In the midst of various women’s rights debates and the “He for She” campaign promoting feminism as equality between both sexes, a very serious problem has been overlooked by our society. Honor killings, or the murder of an individual who has “brought shame” in some way to their family, are common in cultures where male dominance is prevalent and a woman’s sexual and reproductive organs are seen as the property of her family and not herself. This is an issue which gains media traction once in awhile but has not received enough attention to be regarded as the social crisis it is.
The AHA foundation, a leading organization which defends the rights of women worldwide, recently reported that there are between 25 to 28 honor killings each year in the United States. The Honor Based Violence Awareness Network (HBVA) found that 12 girls die each year in the UK at the hands of immediate and extended family for refusing to comply with cultural standards or overseas arranged marriages. In countries such as India and Pakistan, the HBVA recorded more than 1,000 honor deaths per year.

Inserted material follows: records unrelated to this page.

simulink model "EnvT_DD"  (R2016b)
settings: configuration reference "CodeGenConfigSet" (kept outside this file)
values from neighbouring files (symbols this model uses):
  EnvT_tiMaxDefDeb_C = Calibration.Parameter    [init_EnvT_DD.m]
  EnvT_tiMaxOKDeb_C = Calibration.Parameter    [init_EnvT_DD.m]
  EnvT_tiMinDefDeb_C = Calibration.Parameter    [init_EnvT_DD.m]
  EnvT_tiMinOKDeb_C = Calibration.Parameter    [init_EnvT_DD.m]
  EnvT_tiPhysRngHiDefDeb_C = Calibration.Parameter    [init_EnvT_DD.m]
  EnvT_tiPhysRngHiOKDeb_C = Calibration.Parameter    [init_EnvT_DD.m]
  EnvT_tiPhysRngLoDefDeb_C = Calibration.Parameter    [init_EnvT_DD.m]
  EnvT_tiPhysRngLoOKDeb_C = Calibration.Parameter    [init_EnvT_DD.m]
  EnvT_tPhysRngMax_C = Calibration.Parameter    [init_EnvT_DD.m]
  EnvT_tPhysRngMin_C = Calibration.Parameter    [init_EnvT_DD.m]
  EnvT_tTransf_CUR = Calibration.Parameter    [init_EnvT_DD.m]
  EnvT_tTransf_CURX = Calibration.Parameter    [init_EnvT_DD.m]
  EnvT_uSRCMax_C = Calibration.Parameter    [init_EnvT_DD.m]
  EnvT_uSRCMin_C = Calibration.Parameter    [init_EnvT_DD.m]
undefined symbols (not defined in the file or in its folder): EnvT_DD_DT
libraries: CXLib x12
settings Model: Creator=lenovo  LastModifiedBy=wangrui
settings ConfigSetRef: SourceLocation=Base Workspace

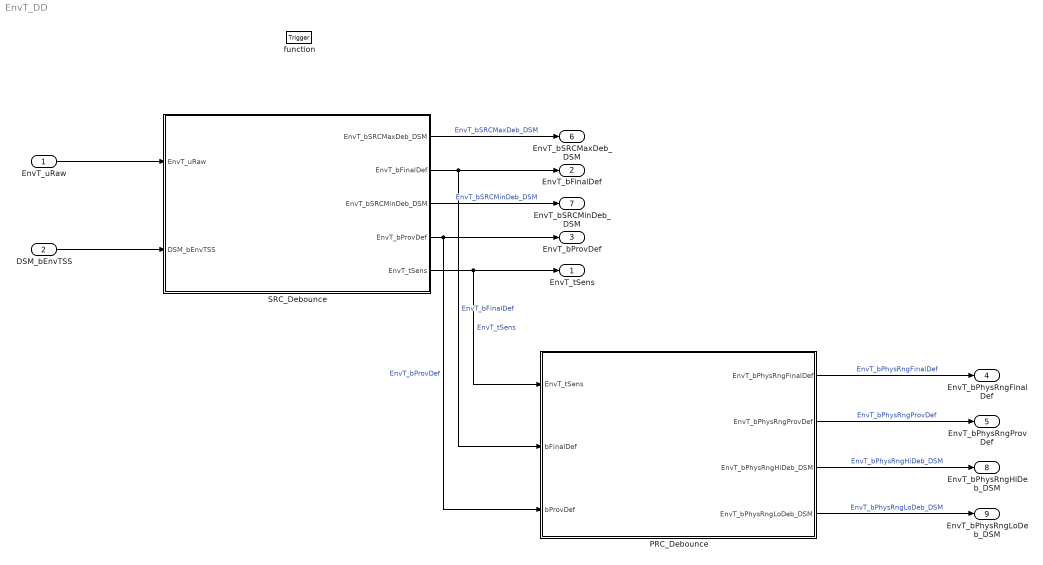
== system EnvT_DD ==
  EnvT_uRaw : Inport  Tag=mv  Description=Sensor signal raw voltage  OutMin=0  OutMax=5000  OutDataTypeStr=Ad_mv
  DSM_bEnvTSS : Inport  Description=state of FId_EnvTSS  Port=2  OutMin=0  OutMax=1  OutDataTypeStr=boolean
  function : TriggerPort  TriggerType=function-call  VariantControl=Variant
  PRC_Debounce : Subsystem
  SRC_Debounce : Subsystem
  EnvT_tSens : Outport  Tag=deg  Description=Raw physical value  OutMin=-200  OutMax=200  OutDataTypeStr=Temp_deg
  EnvT_bFinalDef : Outport  Description=Environment temperature sensor finally defect flag  Port=2  OutMin=0  OutMax=1  OutDataTypeStr=boolean
  EnvT_bProvDef : Outport  Description=Environment temperature sensor temporary defect flag  Port=3  OutMin=0  OutMax=1  OutDataTypeStr=boolean
  EnvT_bPhysRngFinalDef : Outport  Description=Environment temperature sensor physical range finally defect  Port=4  OutMin=0  OutMax=1  OutDataTypeStr=boolean
  EnvT_bPhysRngProvDef : Outport  Description=Environment temperature sensor physical range temporary defect  Port=5  OutMin=0  OutMax=1  OutDataTypeStr=boolean
  EnvT_bSRCMaxDeb_DSM : Outport  Description=SRC-Max error of Environment temperature sensor  Port=6  OutMin=0  OutMax=1  OutDataTypeStr=boolean
  EnvT_bSRCMinDeb_DSM : Outport  Description=SRC-Min error of Environment temperature sensor  Port=7  OutMin=0  OutMax=1  OutDataTypeStr=boolean
  EnvT_bPhysRngHiDeb_DSM : Outport  Description=Physical-High of Environment temperature sensor  Port=8  OutMin=0  OutMax=1  OutDataTypeStr=boolean
  EnvT_bPhysRngLoDeb_DSM : Outport  Description=Physical-Low of Environment temperature sensor  Port=9  OutMin=0  OutMax=1  OutDataTypeStr=boolean
  wires:
  SRC_Debounce/5(EnvT_tSens) -> PRC_Debounce/1(EnvT_tSens), EnvT_tSens/1  "EnvT_tSens"
  EnvT_uRaw/1 -> SRC_Debounce/1(EnvT_uRaw)
  DSM_bEnvTSS/1 -> SRC_Debounce/2(DSM_bEnvTSS)
  SRC_Debounce/1(EnvT_bSRCMaxDeb_DSM) -> EnvT_bSRCMaxDeb_DSM/1  "EnvT_bSRCMaxDeb_DSM"
  SRC_Debounce/2(EnvT_bFinalDef) -> PRC_Debounce/2(bFinalDef), EnvT_bFinalDef/1  "EnvT_bFinalDef"
  SRC_Debounce/3(EnvT_bSRCMinDeb_DSM) -> EnvT_bSRCMinDeb_DSM/1  "EnvT_bSRCMinDeb_DSM"
  SRC_Debounce/4(EnvT_bProvDef) -> PRC_Debounce/3(bProvDef), EnvT_bProvDef/1  "EnvT_bProvDef"
  PRC_Debounce/1(EnvT_bPhysRngFinalDef) -> EnvT_bPhysRngFinalDef/1  "EnvT_bPhysRngFinalDef"
  PRC_Debounce/2(EnvT_bPhysRngProvDef) -> EnvT_bPhysRngProvDef/1  "EnvT_bPhysRngProvDef"
  PRC_Debounce/3(EnvT_bPhysRngHiDeb_DSM) -> EnvT_bPhysRngHiDeb_DSM/1  "EnvT_bPhysRngHiDeb_DSM"
  PRC_Debounce/4(EnvT_bPhysRngLoDeb_DSM) -> EnvT_bPhysRngLoDeb_DSM/1  "EnvT_bPhysRngLoDeb_DSM"

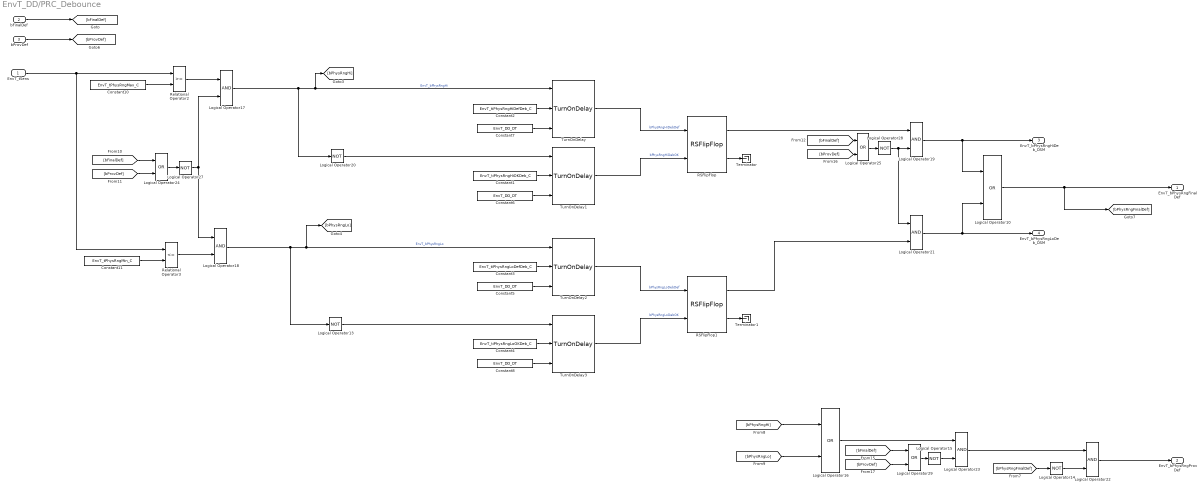
== system EnvT_DD/PRC_Debounce ==
  EnvT_tSens : Inport
  bFinalDef : Inport  Port=2
  bProvDef : Inport  Port=3
  Constant1 : Constant  Value=EnvT_tiPhysRngHiOKDeb_C
  Constant10 : Constant  Value=EnvT_tPhysRngMax_C
  Constant11 : Constant  Value=EnvT_tPhysRngMin_C
  Constant2 : Constant  Value=EnvT_tiPhysRngHiDefDeb_C
  Constant3 : Constant  Value=EnvT_tiPhysRngLoDefDeb_C
  Constant4 : Constant  Value=EnvT_tiPhysRngLoOKDeb_C
  Constant{5..8} (4 alike) : Constant  Value=EnvT_DD_DT  OutDataTypeStr=Inherit: Inherit via back propagation
  Logical Operator10 : Logic  Operator=OR  AllPortsSameDT=off  OutDataTypeStr=boolean
  Logical Operator{13..15,20,27..28} (6 alike) : Logic  Operator=NOT  AllPortsSameDT=off  OutDataTypeStr=boolean
  Logical Operator16 : Logic  Operator=OR  AllPortsSameDT=off  OutDataTypeStr=boolean
  Logical Operator{17..19,21..23} (6 alike) : Logic  AllPortsSameDT=off  OutDataTypeStr=boolean
  Logical Operator24 : Logic  RequirementInfo={} %GIDa_713e3dc0_6f9e_4c44_952d_c96fe7e298be  Operator=OR  OutDataTypeStr=boolean
  Logical Operator25 : Logic  RequirementInfo={} %GIDa_4bfcca31_eded_4688_810b_675582dfc775  Operator=OR  OutDataTypeStr=boolean
  Logical Operator29 : Logic  RequirementInfo={} %GIDa_3144a257_c32e_41b2_9776_388e25425579  Operator=OR  OutDataTypeStr=boolean
  RSFlipFlop : CXLib/RSFlipFlop
  RSFlipFlop1 : CXLib/RSFlipFlop
  Relational Operator2 : RelationalOperator  OutDataTypeStr=boolean  RndMeth=Nearest  InputSameDT=on
  Relational Operator3 : RelationalOperator  Operator=<=  OutDataTypeStr=boolean  RndMeth=Nearest  InputSameDT=on
  Terminator : Terminator
  Terminator1 : Terminator
  TurnOnDelay{,1..3} (4 alike) : CXLib/TurnOnDelay
  EnvT_bPhysRngFinalDef : Outport  OutMin=0  OutMax=1  OutDataTypeStr=boolean
  EnvT_bPhysRngProvDef : Outport  Port=2  OutMin=0  OutMax=1  OutDataTypeStr=boolean
  EnvT_bPhysRngHiDeb_DSM : Outport  Port=3  OutMin=0  OutMax=1  OutDataTypeStr=boolean
  EnvT_bPhysRngLoDeb_DSM : Outport  Port=4  OutMin=0  OutMax=1  OutDataTypeStr=boolean
  wires:
  Logical Operator15/1 -> Logical Operator23/2
  Logical Operator10/1 -> EnvT_bPhysRngFinalDef/1, [bPhysRngFinalDef]
  Logical Operator16/1 -> Logical Operator23/1
  Logical Operator24/1 -> Logical Operator27/1
  Logical Operator25/1 -> Logical Operator28/1
  RSFlipFlop/1 -> Logical Operator19/1
  [bProvDef] -> Logical Operator24/2
  [bFinalDef] -> Logical Operator24/1
  [bProvDef] -> Logical Operator29/2
  Logical Operator27/1 -> Logical Operator17/2, Logical Operator18/1
  [bProvDef] -> Logical Operator25/2
  [bPhysRngHi] -> Logical Operator16/1
  [bPhysRngLo] -> Logical Operator16/2
  Logical Operator19/1 -> EnvT_bPhysRngHiDeb_DSM/1, Logical Operator10/1
  Logical Operator18/1 -> Logical Operator13/1, [bPhysRngLo], TurnOnDelay2/1  "EnvT_bPhysRngLo"
  Logical Operator21/1 -> EnvT_bPhysRngLoDeb_DSM/1, Logical Operator10/2
  [bFinalDef] -> Logical Operator25/1
  Constant11/1 -> Relational Operator3/2
  Logical Operator29/1 -> Logical Operator15/1
  Logical Operator17/1 -> Logical Operator20/1, [bPhysRngHi], TurnOnDelay/1  "EnvT_bPhysRngHi"
  Logical Operator14/1 -> Logical Operator22/2
  Logical Operator23/1 -> Logical Operator22/1
  Logical Operator22/1 -> EnvT_bPhysRngProvDef/1
  Constant10/1 -> Relational Operator2/2
  Logical Operator28/1 -> Logical Operator19/2, Logical Operator21/1
  RSFlipFlop1/1 -> Logical Operator21/2
  Relational Operator2/1 -> Logical Operator17/1
  [bPhysRngFinalDef] -> Logical Operator14/1
  Relational Operator3/1 -> Logical Operator18/2
  [bFinalDef] -> Logical Operator29/1
  EnvT_tSens/1 -> Relational Operator3/1, Relational Operator2/1
  bFinalDef/1 -> [bFinalDef]
  bProvDef/1 -> [bProvDef]
  Constant8/1 -> TurnOnDelay3/3
  Constant5/1 -> TurnOnDelay2/3
  Constant6/1 -> TurnOnDelay1/3
  Constant7/1 -> TurnOnDelay/3
  TurnOnDelay1/1 -> RSFlipFlop/2  "bPhysRngHiDebOK"
  Constant3/1 -> TurnOnDelay2/2
  Constant1/1 -> TurnOnDelay1/2
  Constant2/1 -> TurnOnDelay/2
  TurnOnDelay/1 -> RSFlipFlop/1  "bPhysRngHiDebDef"
  Logical Operator20/1 -> TurnOnDelay1/1
  TurnOnDelay2/1 -> RSFlipFlop1/1  "bPhysRngLoDebDef"
  Logical Operator13/1 -> TurnOnDelay3/1
  TurnOnDelay3/1 -> RSFlipFlop1/2  "bPhysRngLoDebOK"
  Constant4/1 -> TurnOnDelay3/2
  RSFlipFlop/2 -> Terminator/1
  RSFlipFlop1/2 -> Terminator1/1

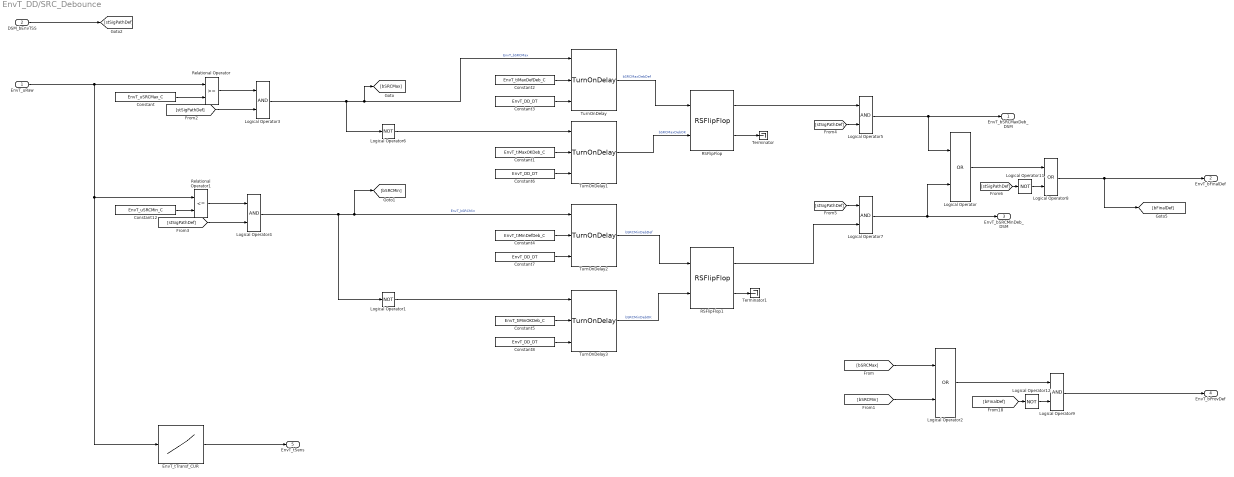
== system EnvT_DD/SRC_Debounce ==
  EnvT_uRaw : Inport  Tag=mv  Description=Sensor signal raw voltage  OutMin=0  OutMax=5000  OutDataTypeStr=Ad_mv
  DSM_bEnvTSS : Inport  Description=state of FId_EnvTSS  Port=2  OutMin=0  OutMax=1  OutDataTypeStr=boolean
  Constant : Constant  Value=EnvT_uSRCMax_C
  Constant1 : Constant  Value=EnvT_tiMaxOKDeb_C
  Constant12 : Constant  Value=EnvT_uSRCMin_C
  Constant2 : Constant  Value=EnvT_tiMaxDefDeb_C
  Constant{3,6..8} (4 alike) : Constant  Value=EnvT_DD_DT  OutDataTypeStr=Inherit: Inherit via back propagation
  Constant4 : Constant  Value=EnvT_tiMinDefDeb_C
  Constant5 : Constant  Value=EnvT_tiMinOKDeb_C
  EnvT_tTransf_CUR : Lookup_n-D  NumberOfTableDimensions=1  BreakpointsForDimension1=EnvT_tTransf_CURX  IndexSearchMethod=Linear search  BeginIndexSearchUsingPreviousIndexResult=on  UseOneInputPortForAllInputData=on  Table=EnvT_tTransf_CUR  ExtrapMethod=Clip  UseLastTableValue=on  InternalRulePriority=Speed  OutDataTypeStr=Inherit: Inherit via back propagation  SaturateOnIntegerOverflow=on
  Logical Operator : Logic  Operator=OR  AllPortsSameDT=off  OutDataTypeStr=boolean
  Logical Operator{1,6,11..12} (4 alike) : Logic  Operator=NOT  AllPortsSameDT=off  OutDataTypeStr=boolean
  Logical Operator2 : Logic  Operator=OR  AllPortsSameDT=off  OutDataTypeStr=boolean
  Logical Operator{3..5,7,9} (5 alike) : Logic  AllPortsSameDT=off  OutDataTypeStr=boolean
  Logical Operator8 : Logic  Operator=OR  AllPortsSameDT=off  OutDataTypeStr=boolean
  RSFlipFlop : CXLib/RSFlipFlop
  RSFlipFlop1 : CXLib/RSFlipFlop
  Relational Operator : RelationalOperator  OutDataTypeStr=boolean  RndMeth=Nearest  InputSameDT=on
  Relational Operator1 : RelationalOperator  Operator=<=  OutDataTypeStr=boolean  RndMeth=Nearest  InputSameDT=on
  Terminator : Terminator
  Terminator1 : Terminator
  TurnOnDelay{,1..3} (4 alike) : CXLib/TurnOnDelay
  EnvT_bSRCMaxDeb_DSM : Outport  OutMin=0  OutMax=1  OutDataTypeStr=boolean
  EnvT_bFinalDef : Outport  Port=2  OutMin=0  OutMax=1  OutDataTypeStr=boolean
  EnvT_bSRCMinDeb_DSM : Outport  Port=3  OutMin=0  OutMax=1  OutDataTypeStr=boolean
  EnvT_bProvDef : Outport  Port=4  OutMin=0  OutMax=1  OutDataTypeStr=boolean
  EnvT_tSens : Outport  Tag=deg  Description=Raw physical value  Port=5  OutMin=-200  OutMax=200  OutDataTypeStr=Temp_deg
  wires:
  Constant/1 -> Relational Operator/2
  Constant12/1 -> Relational Operator1/2
  Logical Operator4/1 -> TurnOnDelay2/1, [bSRCMin], Logical Operator1/1  "EnvT_bSRCMin"
  Logical Operator3/1 -> TurnOnDelay/1, [bSRCMax], Logical Operator6/1  "EnvT_bSRCMax"
  [stSigPathDef] -> Logical Operator11/1
  Logical Operator/1 -> Logical Operator8/1
  [stSigPathDef] -> Logical Operator5/2
  [stSigPathDef] -> Logical Operator7/1
  [stSigPathDef] -> Logical Operator4/2
  Relational Operator/1 -> Logical Operator3/1
  Relational Operator1/1 -> Logical Operator4/1
  [stSigPathDef] -> Logical Operator3/2
  [bSRCMin] -> Logical Operator2/2
  DSM_bEnvTSS/1 -> [stSigPathDef]
  Logical Operator5/1 -> EnvT_bSRCMaxDeb_DSM/1, Logical Operator/1
  [bSRCMax] -> Logical Operator2/1
  Logical Operator7/1 -> EnvT_bSRCMinDeb_DSM/1, Logical Operator/2
  EnvT_tTransf_CUR/1 -> EnvT_tSens/1
  RSFlipFlop1/1 -> Logical Operator7/2
  RSFlipFlop/1 -> Logical Operator5/1
  EnvT_uRaw/1 -> Relational Operator/1, Relational Operator1/1, EnvT_tTransf_CUR/1
  Logical Operator12/1 -> Logical Operator9/2
  Logical Operator11/1 -> Logical Operator8/2
  Logical Operator9/1 -> EnvT_bProvDef/1
  Logical Operator8/1 -> EnvT_bFinalDef/1, [bFinalDef]
  [bFinalDef] -> Logical Operator12/1
  Logical Operator2/1 -> Logical Operator9/1
  Constant8/1 -> TurnOnDelay3/3
  Constant7/1 -> TurnOnDelay2/3
  Constant3/1 -> TurnOnDelay/3
  Constant6/1 -> TurnOnDelay1/3
  RSFlipFlop1/2 -> Terminator1/1
  RSFlipFlop/2 -> Terminator/1
  Constant5/1 -> TurnOnDelay3/2
  TurnOnDelay3/1 -> RSFlipFlop1/2  "bSRCMinDebOK"
  Logical Operator1/1 -> TurnOnDelay3/1
  TurnOnDelay2/1 -> RSFlipFlop1/1  "bSRCMinDebDef"
  Logical Operator6/1 -> TurnOnDelay1/1
  TurnOnDelay/1 -> RSFlipFlop/1  "bSRCMaxDebDef"
  Constant2/1 -> TurnOnDelay/2
  Constant1/1 -> TurnOnDelay1/2
  Constant4/1 -> TurnOnDelay2/2
  TurnOnDelay1/1 -> RSFlipFlop/2  "bSRCMaxDebOK"

The chilling reality of honor-based violence may not be seen every day on the news, but it’s not easily forgotten. In 2008, two teen sisters in Texas were shot to death by their father for having boyfriends. In Georgia, a young woman was strangled for wanting to leave an arranged marriage. A married woman in New York was allegedly beheaded by her husband for trying to get a divorce. Another young girl recently testified against her father in a New York courtroom after he killed various members of her boyfriend’s family. These atrocities are fueled by the belief that a woman’s worth lies in her obedience and that her actions serve as a direct reflection of her entire lineage, a lofty responsibility for any young girl. The violence is not religiously motivated — instead, it is driven by cultural standards that place women beneath men and take away their rights to basic human freedom.
In societies where the culture perpetuates this type of abuse, the alarming statistics might be more easily accepted. However, we must ask ourselves how this sort of atrocity happens so often in the Western World. At the ages of 15 or 16, many girls leave school for weeks in order to travel to their homeland for the purpose of an arranged marriage. Many schools simply accept this and don’t ask any questions for fear of offending parents and disrupting the status quo and fine balance between American culture and the “other.” However, inquiring about a social or cultural custom that one does not understand or may be harmful to the individual in question is not a crime. It is always better to ask and speak up about practices that may be detrimental than to sit in silence and let tragedy unfold. It is the responsibility of schools, counselors and society as a whole to regulate attendance, ask questions and counsel students who a professional predicts is going through a situation that could end tragically.